My notes don't speak English. Most AI models do. I built a local RAG system with a model that actually understands Bahasa Indonesia, because querying your own knowledge shouldn't require translating your thoughts first.

The Problem

After two years of accumulating notes (lecture slides, research papers, personal summaries), I had a retrieval problem. Full-text search found keywords. I needed semantics. "Apa dampak kebijakan moneter terhadap inflasi?" should work even if I never wrote those exact words anywhere in my notes.

The obvious fix was to send everything to GPT. That fell apart on three counts:

Privacy. University notes, personal analysis, half-formed ideas. Not comfortable sending any of this to a third-party API.
Cost. At scale, API usage compounds. A system I use daily needs to cost nothing to run.
Language. Most of my notes are in Bahasa Indonesia. Cloud models handle this poorly: nuance flattens, responses drift toward translated-sounding English patterns, and the Indonesian framing I wrote in gets lost.

I needed a local solution that actually understood Indonesian.

What I Built

A RAG pipeline that runs entirely on my laptop. Ingest a directory of markdown files, build a vector index, query in natural language, get relevant answers. No internet connection required.

# Ingest a knowledge domain
sa ingest ~/notes/ekonomi/

# Query in Bahasa Indonesia
sa query "bagaimana kebijakan moneter mempengaruhi inflasi?"

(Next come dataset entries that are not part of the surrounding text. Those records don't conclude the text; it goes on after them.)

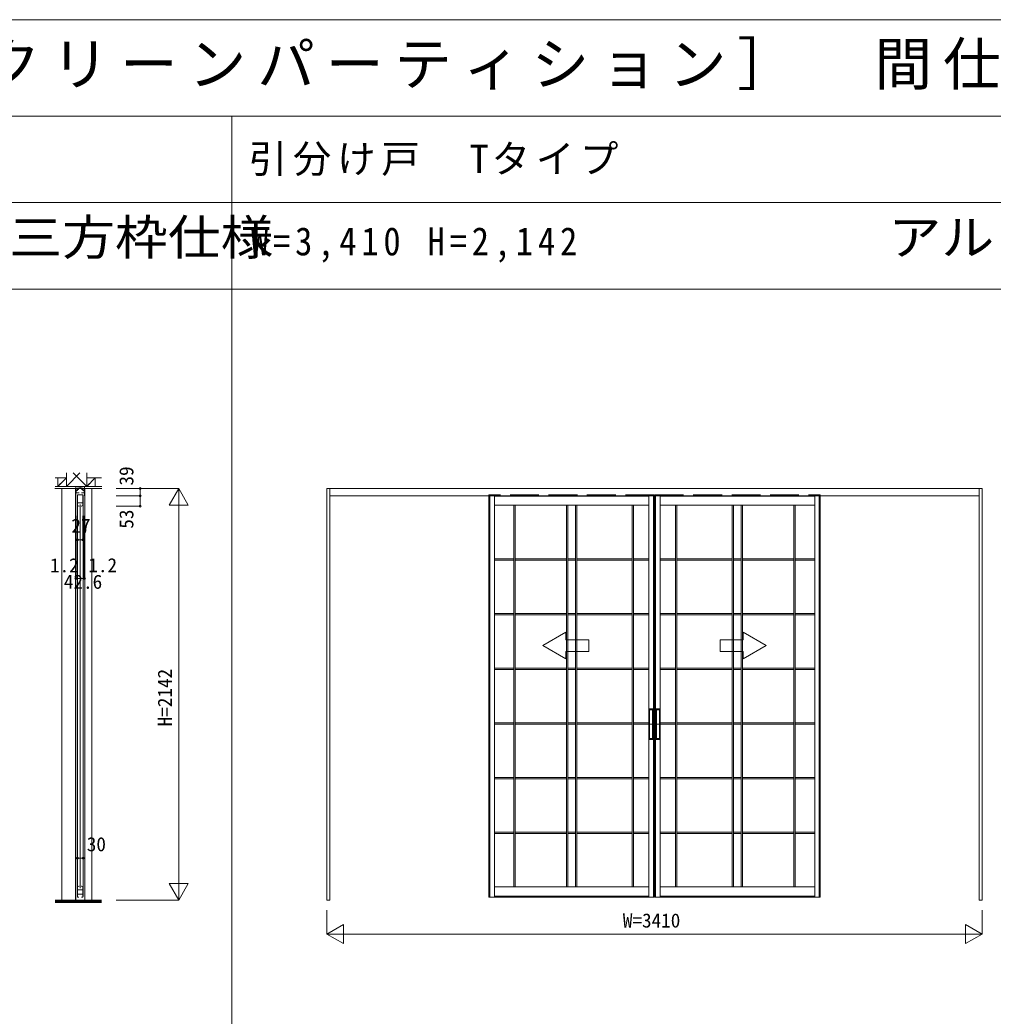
# Model space of a CAD drawing. Units: millimetres, scale not verified. Extents: x -21026 to 6475, y -14850 to 5150.
# Drawn here: x -11327 to -6263, y -31 to 5150 of the extents above; entities that cross this region are included whole.
import ezdxf
from ezdxf.enums import TextEntityAlignment as Align

# ---------------------------------------------------------------- set-up
doc = ezdxf.new("R2010")
doc.units = ezdxf.units.MM
doc.header["$LTSCALE"] = 50
doc.linetypes.add('CHAIN2', pattern=[12, 9, -1, 1, -1])
doc.linetypes.add('DASHED3', pattern=[4, 3, -1])
doc.layers.add('0-0_0', color=7, linetype='Continuous')
for name, color, linetype, lineweight in [('0-1_YKK_F1', 7, 'Continuous', 9), ('0-2_YKK_N1', 2, 'Continuous', 9), ('0-3_YKK_Z1', 7, 'Continuous', 9), ('0-4_YKK_A1', 4, 'Continuous', 9), ('0-6_YKK_C1', 4, 'Continuous', 9)]:
    doc.layers.add(name, color=color, linetype=linetype, lineweight=lineweight)
doc.styles.add('ＭＳ ゴシック', font='')
doc.styles.get('ＭＳ ゴシック').set_extended_font_data('MS Gothic')

msp = doc.modelspace()

# ---------------------------------------------------------------- linework, layer by layer
at = {"layer": '0-1_YKK_F1'}
for p, q in [((-21025, 5150), (6475, 5150)), ((-21025, 4650), (5975, 4650)), ((-10225, -14850), (-10225, 4650)), ((-21025, 4200), (5975, 4200)), ((-21025, 3750), (5975, 3750))]:
    msp.add_line(p, q, dxfattribs=at)
at = {"layer": '0-2_YKK_N1'}
for p, q in [((-10826.08, 2713.5), (-10501.08, 2713.5)), ((-10701.08, 2674.5), (-10701.08, 2713.5)), ((-10826.08, 2674.5), (-10701.08, 2674.5)), ((-10701.08, 2674.5), (-10701.08, 2621.5)), ((-10826.08, 2621.5), (-10701.08, 2621.5)), ((-10551.08, 2626.9), (-10451.08, 2626.9)), ((-11035.77, 2245.5), (-11035.77, 2570.5)), ((-11034.57, 2245.5), (-11034.57, 2570.5)), ((-11026.77, 2570.5), (-11026.77, 2445)), ((-10999.77, 2570.5), (-10999.77, 2445)), ((-10991.97, 2245.5), (-10991.97, 2570.5)), ((-10990.77, 2245.5), (-10990.77, 2570.5)), ((-11026.77, 2445.5), (-10999.77, 2445.5)), ((-11034.57, 2245.5), (-11035.77, 2245.5)), ((-11034.57, 2245.5), (-10991.97, 2245.5)), ((-10991.97, 2245.5), (-10990.77, 2245.5)), ((-11028.27, 665.5), (-11028.27, 790.5)), ((-10998.27, 665.5), (-10998.27, 790.5)), ((-10998.27, 665.5), (-10998.27, 790.5)), ((-10451.08, 658.1), (-10551.08, 658.1)), ((-6320, 520.5), (-6320, 395.5)), ((-9643.4, 445.5), (-9643.4, 345.5)), ((-6320, 395.5), (-6406.6, 345.5))]:
    msp.add_line(p, q, dxfattribs=at)
for points in [[(-10826.08, 571.5), (-10501.08, 571.5), (-10501.08, 2713.5)], [(-10551.08, 2626.9), (-10501.08, 2713.5), (-10451.08, 2626.9)], [(-11028.27, 665.5), (-11028.27, 790.5), (-10998.27, 790.5)], [(-10451.08, 658.1), (-10501.08, 571.5), (-10551.08, 658.1)], [(-9730, 520.5), (-9730, 395.5), (-9643.4, 345.5)], [(-9643.4, 445.5), (-9730, 395.5), (-6320, 395.5)], [(-6320, 395.5), (-6406.6, 445.5), (-6406.6, 345.5)]]:
    msp.add_lwpolyline(points, dxfattribs=at)
for centre in [(-10701.08, 2713.5), (-10701.08, 2674.5), (-10701.08, 2621.5), (-11026.77, 2445.5), (-10999.77, 2445.5), (-11035.77, 2245.5), (-11034.57, 2245.5), (-10991.97, 2245.5), (-10990.77, 2245.5), (-11028.27, 790.5), (-10998.27, 790.5)]:
    msp.add_circle(centre, 5, dxfattribs=at)
at = {"layer": '0-3_YKK_Z1'}
for p, q in [((-11129.77, 2769), (-11144.39, 2769)), ((-11129.77, 2724), (-11084.77, 2769)), ((-11129.77, 2769), (-11129.77, 2724)), ((-11084.77, 2769), (-11129.77, 2769)), ((-11014.77, 2794), (-11084.77, 2724)), ((-11084.77, 2794), (-11084.77, 2724)), ((-11084.77, 2724), (-11084.77, 2769)), ((-11049.77, 2794), (-10979.77, 2724)), ((-10979.77, 2724), (-10979.77, 2794)), ((-10979.77, 2724), (-10934.77, 2769)), ((-10979.77, 2769), (-10979.77, 2724)), ((-10934.77, 2769), (-10979.77, 2769)), ((-10934.77, 2769), (-10901.83, 2769)), ((-10934.77, 2724), (-10934.77, 2769)), ((-11145.26, 2713.5), (-10901.08, 2713.5)), ((-11144.39, 2724), (-10901.44, 2724)), ((-11129.77, 2724), (-11115.56, 2738.21)), ((-11129.77, 2724), (-11084.77, 2724)), ((-11108.77, 2713.5), (-11108.77, 571.5)), ((-11084.77, 2724), (-10979.77, 2724)), ((-11037.77, 2713.5), (-11037.77, 571.5)), ((-11036.77, 2713.5), (-11036.77, 571.5)), ((-11035.77, 2713.5), (-10990.77, 2724)), ((-11035.77, 2713.5), (-11035.77, 2724)), ((-10990.77, 2713.5), (-10990.77, 2724)), ((-10989.77, 2713.5), (-10989.77, 571.5)), ((-10979.77, 2724), (-10965.35, 2738.42)), ((-10979.77, 2724), (-10934.77, 2724)), ((-10952.77, 2713.5), (-10952.77, 571.5)), ((-11142.9, 571.5), (-10902.83, 571.5)), ((-11142.9, 569.5), (-10902.83, 569.5)), ((-11142.9, 567.5), (-10902.83, 567.5)), ((-11142.9, 565.5), (-10902.83, 565.5)), ((-11142.9, 563.5), (-10902.83, 563.5)), ((-11142.9, 561.5), (-10902.83, 561.5)), ((-10902.83, 559.5), (-11142.9, 559.5))]:
    msp.add_line(p, q, dxfattribs=at)
at = {"layer": '0-4_YKK_A1'}
for p, q in [((-9730, 2713.5), (-8024.5, 2713.5)), ((-9730, 571.5), (-9730, 2713.5)), ((-9715, 571.5), (-9715, 2713.5)), ((-6320, 2713.5), (-8025.5, 2713.5)), ((-6335, 571.5), (-6335, 2713.5)), ((-6320, 571.5), (-6320, 2713.5)), ((-8024.5, 2674.5), (-9715, 2674.5)), ((-8886.5, 2679.5), (-8886.5, 588)), ((-8886.5, 2674.5), (-8886.5, 586.5)), ((-8882.5, 2674.5), (-8882.5, 586.5)), ((-8858.5, 2674.5), (-8858.5, 588)), ((-8054.5, 2673.5), (-8858.5, 2673.5)), ((-8054.5, 2674.5), (-8054.5, 1567.5)), ((-8030.5, 2674.5), (-8030.5, 586.5)), ((-8026.5, 2674.5), (-8026.5, 586.5)), ((-8025.5, 2674.5), (-6335, 2674.5)), ((-8023.5, 2674.5), (-8023.5, 586.5)), ((-8019.5, 2674.5), (-8019.5, 586.5)), ((-7995.5, 2674.5), (-7995.5, 1567.5)), ((-7995.5, 2673.5), (-7191.5, 2673.5)), ((-7191.5, 2674.5), (-7191.5, 588)), ((-7167.5, 2674.5), (-7167.5, 586.5)), ((-7163.5, 2679.5), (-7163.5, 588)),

# Switch to a different domain
sa ingest ~/notes/machine-learning/
sa query "perbedaan antara RAG dan fine-tuning?"

The system is organized around knowledge domains. Each directory is an independent knowledge base: economics, machine learning, personal journal, university courses. Switch contexts by switching the active directory.

How It Works

Markdown files (directory)
         ↓
    Text chunking
         ↓
 nomic-embed-text       ← builds dense vector index
         ↓
    Vector index (local)

         ↑ Query time:

    User query (Bahasa Indonesia)
         ↓
 nomic-embed-text       ← embeds the query
         ↓
  Similarity search     ← retrieves top-k relevant chunks
         ↓
   qwen2.5:3b           ← generates answer from retrieved context
         ↓
      Response

The pipeline runs via Ollama, which handles model management and inference. No GPU required. Both models run on CPU, which is slower but entirely functional for daily use on a laptop.

Why qwen2.5:3b

Model selection was the hardest decision.

The hard constraint: it had to run on a laptop with no dedicated GPU. That caps usable parameter count at roughly 3–7B before inference becomes too slow. Most capable small models in that range (Phi-3, Gemma 2B, TinyLlama) treat Bahasa Indonesia as an afterthought. Responses come back grammatically correct but tonally wrong. Indonesian concepts get flattened to their English equivalents.

qwen2.5 was different.

I tested five models before settling on qwen2.5. The others could technically respond in Indonesian. qwen2.5 could think in it.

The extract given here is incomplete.